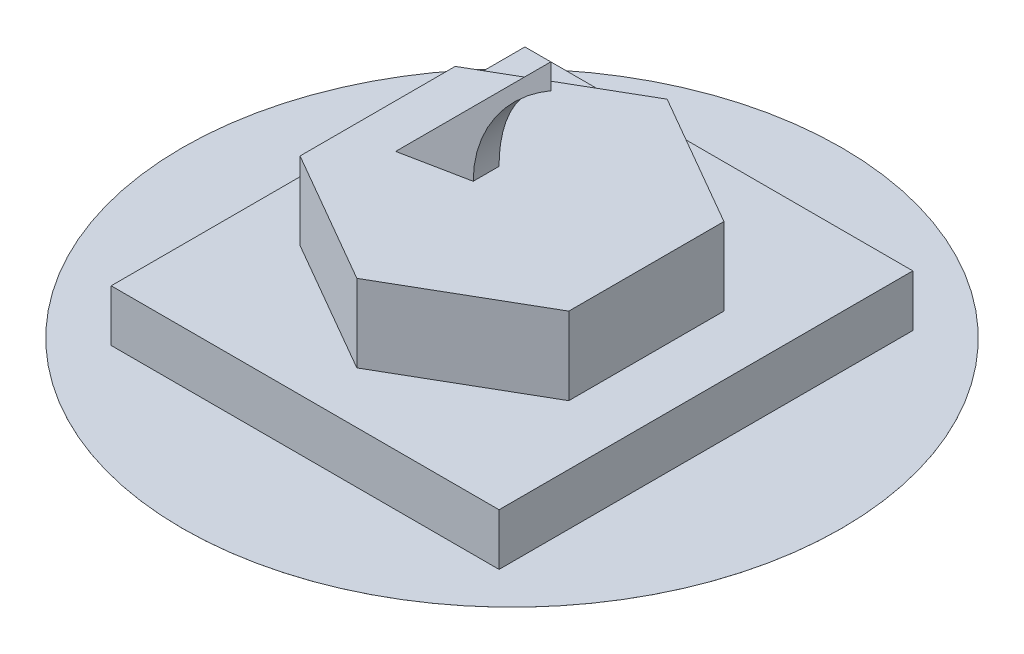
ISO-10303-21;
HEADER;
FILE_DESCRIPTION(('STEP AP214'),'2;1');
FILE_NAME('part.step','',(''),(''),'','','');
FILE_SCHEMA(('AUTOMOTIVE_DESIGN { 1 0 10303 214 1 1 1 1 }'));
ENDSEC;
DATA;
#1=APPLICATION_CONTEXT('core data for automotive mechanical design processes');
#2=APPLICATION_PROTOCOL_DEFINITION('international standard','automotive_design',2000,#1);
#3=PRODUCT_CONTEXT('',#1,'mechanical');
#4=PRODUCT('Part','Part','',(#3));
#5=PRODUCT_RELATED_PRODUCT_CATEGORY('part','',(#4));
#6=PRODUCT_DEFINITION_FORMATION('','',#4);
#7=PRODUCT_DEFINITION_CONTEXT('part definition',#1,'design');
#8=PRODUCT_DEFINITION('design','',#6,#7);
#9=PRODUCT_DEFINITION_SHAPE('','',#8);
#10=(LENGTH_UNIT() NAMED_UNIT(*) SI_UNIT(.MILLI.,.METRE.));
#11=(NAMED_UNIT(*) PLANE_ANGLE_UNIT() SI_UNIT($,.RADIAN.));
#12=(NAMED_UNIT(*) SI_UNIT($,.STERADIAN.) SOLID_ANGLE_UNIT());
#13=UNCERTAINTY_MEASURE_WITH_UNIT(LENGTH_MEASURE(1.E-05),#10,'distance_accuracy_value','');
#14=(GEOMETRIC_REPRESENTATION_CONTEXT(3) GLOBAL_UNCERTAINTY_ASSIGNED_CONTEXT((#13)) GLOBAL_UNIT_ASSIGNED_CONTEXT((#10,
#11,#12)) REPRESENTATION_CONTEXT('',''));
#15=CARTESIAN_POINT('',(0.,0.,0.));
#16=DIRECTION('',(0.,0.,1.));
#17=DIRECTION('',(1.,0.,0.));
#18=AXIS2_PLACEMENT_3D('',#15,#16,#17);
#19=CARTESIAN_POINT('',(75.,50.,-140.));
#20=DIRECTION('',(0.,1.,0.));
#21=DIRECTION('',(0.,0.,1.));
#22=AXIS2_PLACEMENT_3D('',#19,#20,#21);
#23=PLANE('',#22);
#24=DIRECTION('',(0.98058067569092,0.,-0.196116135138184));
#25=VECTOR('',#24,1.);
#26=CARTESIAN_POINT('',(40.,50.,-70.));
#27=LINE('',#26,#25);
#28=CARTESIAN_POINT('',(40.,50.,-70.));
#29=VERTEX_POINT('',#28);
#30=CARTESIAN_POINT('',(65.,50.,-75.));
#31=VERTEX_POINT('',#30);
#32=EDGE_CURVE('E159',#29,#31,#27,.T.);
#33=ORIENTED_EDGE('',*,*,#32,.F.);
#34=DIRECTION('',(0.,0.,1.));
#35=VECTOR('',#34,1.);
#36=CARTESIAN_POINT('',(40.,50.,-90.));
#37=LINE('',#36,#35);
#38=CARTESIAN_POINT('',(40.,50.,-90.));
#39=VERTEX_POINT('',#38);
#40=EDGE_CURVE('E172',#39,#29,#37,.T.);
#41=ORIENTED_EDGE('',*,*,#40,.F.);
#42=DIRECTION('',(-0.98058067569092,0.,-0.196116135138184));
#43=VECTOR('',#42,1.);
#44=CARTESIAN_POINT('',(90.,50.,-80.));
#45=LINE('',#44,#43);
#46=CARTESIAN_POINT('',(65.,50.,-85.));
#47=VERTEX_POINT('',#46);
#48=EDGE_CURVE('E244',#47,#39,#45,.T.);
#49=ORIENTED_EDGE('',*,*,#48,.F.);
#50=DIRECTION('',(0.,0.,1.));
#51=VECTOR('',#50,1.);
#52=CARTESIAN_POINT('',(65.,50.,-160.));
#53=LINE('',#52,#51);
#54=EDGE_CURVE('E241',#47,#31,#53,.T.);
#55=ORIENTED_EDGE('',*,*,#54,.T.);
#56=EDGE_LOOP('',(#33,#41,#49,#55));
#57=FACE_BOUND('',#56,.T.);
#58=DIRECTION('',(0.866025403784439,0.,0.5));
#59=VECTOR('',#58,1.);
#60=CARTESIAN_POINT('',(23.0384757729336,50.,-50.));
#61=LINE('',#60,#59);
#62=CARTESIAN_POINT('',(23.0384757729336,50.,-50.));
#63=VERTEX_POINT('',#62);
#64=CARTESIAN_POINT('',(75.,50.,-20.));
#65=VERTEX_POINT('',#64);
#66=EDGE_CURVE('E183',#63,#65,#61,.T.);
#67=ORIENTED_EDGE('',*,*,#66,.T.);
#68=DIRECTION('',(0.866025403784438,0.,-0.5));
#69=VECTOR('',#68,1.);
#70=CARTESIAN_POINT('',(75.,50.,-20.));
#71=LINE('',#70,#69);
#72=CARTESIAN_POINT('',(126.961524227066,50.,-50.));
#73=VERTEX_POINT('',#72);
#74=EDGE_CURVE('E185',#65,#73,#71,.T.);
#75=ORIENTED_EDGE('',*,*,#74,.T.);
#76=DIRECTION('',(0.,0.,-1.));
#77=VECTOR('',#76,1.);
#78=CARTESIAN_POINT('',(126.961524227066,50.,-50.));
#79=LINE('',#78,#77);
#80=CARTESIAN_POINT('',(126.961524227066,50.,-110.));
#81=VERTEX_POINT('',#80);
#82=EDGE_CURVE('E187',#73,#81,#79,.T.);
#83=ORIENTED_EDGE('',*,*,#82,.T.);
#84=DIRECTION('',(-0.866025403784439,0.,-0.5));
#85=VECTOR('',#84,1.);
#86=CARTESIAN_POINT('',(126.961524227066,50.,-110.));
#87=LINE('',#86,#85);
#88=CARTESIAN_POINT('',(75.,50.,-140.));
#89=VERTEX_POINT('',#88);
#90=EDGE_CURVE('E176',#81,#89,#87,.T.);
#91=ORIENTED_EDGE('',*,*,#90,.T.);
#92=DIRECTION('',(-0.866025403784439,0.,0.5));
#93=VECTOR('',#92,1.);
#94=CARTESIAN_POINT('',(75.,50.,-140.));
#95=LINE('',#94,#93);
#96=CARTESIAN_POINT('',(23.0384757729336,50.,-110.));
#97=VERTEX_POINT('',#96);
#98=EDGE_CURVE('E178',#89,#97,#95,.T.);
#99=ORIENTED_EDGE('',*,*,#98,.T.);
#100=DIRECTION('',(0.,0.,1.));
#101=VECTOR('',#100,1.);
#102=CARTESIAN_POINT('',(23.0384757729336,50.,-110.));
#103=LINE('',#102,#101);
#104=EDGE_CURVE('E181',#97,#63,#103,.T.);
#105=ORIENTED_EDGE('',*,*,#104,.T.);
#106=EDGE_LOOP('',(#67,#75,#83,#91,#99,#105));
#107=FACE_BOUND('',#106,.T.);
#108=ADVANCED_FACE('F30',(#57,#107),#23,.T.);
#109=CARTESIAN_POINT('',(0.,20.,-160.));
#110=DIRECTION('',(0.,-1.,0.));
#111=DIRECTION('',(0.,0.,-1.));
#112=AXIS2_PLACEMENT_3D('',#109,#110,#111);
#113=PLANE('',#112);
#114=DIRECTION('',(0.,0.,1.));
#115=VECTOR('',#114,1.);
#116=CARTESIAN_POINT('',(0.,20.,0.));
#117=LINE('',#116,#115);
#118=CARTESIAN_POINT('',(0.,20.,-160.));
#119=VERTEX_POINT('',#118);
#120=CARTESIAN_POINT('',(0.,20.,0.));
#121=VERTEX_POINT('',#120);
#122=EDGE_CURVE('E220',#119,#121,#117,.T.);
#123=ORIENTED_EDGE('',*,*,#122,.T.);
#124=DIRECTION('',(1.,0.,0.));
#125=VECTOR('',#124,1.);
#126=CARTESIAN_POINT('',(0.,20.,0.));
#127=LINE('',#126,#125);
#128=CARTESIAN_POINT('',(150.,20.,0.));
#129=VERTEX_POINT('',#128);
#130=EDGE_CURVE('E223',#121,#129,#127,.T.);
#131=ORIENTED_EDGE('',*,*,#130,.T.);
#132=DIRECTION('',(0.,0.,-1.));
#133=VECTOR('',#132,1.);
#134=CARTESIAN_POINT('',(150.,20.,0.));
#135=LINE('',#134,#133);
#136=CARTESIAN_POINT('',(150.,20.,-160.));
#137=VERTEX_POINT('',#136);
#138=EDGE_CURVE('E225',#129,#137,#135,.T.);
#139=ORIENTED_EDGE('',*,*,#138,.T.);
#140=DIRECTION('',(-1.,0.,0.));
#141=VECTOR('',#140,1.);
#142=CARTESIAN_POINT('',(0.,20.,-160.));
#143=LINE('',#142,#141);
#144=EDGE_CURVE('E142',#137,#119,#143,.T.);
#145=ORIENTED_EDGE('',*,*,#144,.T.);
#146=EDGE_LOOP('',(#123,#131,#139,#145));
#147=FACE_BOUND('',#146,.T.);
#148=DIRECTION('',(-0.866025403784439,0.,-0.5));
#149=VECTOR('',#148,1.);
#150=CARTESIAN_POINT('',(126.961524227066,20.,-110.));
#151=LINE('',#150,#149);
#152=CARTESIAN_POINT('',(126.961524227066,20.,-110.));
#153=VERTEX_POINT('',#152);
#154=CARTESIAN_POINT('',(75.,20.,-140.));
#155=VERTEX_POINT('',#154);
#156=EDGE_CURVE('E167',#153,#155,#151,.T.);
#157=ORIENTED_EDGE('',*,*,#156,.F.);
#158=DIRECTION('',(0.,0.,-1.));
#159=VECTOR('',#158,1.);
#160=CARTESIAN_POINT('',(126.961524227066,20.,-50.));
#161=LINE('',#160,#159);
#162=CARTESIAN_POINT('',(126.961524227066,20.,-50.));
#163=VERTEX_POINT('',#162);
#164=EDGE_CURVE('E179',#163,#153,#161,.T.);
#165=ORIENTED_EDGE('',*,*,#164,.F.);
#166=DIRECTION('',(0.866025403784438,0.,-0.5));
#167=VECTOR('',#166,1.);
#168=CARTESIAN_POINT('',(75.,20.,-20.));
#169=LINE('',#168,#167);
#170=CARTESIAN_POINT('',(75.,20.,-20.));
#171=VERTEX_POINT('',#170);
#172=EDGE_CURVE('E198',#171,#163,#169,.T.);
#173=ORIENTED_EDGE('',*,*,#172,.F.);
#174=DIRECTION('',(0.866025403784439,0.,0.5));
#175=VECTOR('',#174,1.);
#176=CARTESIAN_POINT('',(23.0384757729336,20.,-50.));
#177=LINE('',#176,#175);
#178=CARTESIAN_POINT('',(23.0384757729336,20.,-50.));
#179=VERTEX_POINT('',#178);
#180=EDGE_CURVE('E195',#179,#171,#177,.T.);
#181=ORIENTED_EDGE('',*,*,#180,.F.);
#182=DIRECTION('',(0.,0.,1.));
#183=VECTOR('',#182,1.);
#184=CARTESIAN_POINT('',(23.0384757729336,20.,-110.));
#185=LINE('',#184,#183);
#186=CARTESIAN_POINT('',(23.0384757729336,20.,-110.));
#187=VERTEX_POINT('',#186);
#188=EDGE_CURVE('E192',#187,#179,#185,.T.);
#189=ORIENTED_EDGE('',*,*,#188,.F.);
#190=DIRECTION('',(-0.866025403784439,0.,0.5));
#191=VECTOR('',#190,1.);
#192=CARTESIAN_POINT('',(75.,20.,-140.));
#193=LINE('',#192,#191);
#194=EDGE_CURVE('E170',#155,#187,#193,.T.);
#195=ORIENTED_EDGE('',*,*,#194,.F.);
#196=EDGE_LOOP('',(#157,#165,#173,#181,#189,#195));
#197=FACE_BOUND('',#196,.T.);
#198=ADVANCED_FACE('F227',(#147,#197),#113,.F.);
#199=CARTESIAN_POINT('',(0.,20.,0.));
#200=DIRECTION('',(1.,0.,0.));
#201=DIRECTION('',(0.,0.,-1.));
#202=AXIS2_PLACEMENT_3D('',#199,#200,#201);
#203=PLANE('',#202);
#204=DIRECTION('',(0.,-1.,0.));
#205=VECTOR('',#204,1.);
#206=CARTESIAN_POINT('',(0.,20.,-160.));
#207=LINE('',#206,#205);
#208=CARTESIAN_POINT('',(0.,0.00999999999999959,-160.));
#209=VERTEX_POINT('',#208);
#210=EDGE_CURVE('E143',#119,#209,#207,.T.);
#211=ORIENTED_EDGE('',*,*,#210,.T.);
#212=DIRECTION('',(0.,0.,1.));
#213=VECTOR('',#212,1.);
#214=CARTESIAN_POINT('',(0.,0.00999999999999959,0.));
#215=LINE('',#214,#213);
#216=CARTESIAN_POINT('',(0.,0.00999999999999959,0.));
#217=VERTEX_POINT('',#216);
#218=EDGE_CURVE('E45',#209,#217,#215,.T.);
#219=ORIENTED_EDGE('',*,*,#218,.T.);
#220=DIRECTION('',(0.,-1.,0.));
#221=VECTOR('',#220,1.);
========
__Directions for this task__.
Retype the records above, but only those lines that fall between the line containing "#141=VECTOR('',#140,1.);" and the line containing "#165=ORIENTED_EDGE('',*,*,#164,.F.);", with both of those lines included, exactly as written.

__Result of this task__.
#141=VECTOR('',#140,1.);
#142=CARTESIAN_POINT('',(0.,20.,-160.));
#143=LINE('',#142,#141);
#144=EDGE_CURVE('E142',#137,#119,#143,.T.);
#145=ORIENTED_EDGE('',*,*,#144,.T.);
#146=EDGE_LOOP('',(#123,#131,#139,#145));
#147=FACE_BOUND('',#146,.T.);
#148=DIRECTION('',(-0.866025403784439,0.,-0.5));
#149=VECTOR('',#148,1.);
#150=CARTESIAN_POINT('',(126.961524227066,20.,-110.));
#151=LINE('',#150,#149);
#152=CARTESIAN_POINT('',(126.961524227066,20.,-110.));
#153=VERTEX_POINT('',#152);
#154=CARTESIAN_POINT('',(75.,20.,-140.));
#155=VERTEX_POINT('',#154);
#156=EDGE_CURVE('E167',#153,#155,#151,.T.);
#157=ORIENTED_EDGE('',*,*,#156,.F.);
#158=DIRECTION('',(0.,0.,-1.));
#159=VECTOR('',#158,1.);
#160=CARTESIAN_POINT('',(126.961524227066,20.,-50.));
#161=LINE('',#160,#159);
#162=CARTESIAN_POINT('',(126.961524227066,20.,-50.));
#163=VERTEX_POINT('',#162);
#164=EDGE_CURVE('E179',#163,#153,#161,.T.);
#165=ORIENTED_EDGE('',*,*,#164,.F.);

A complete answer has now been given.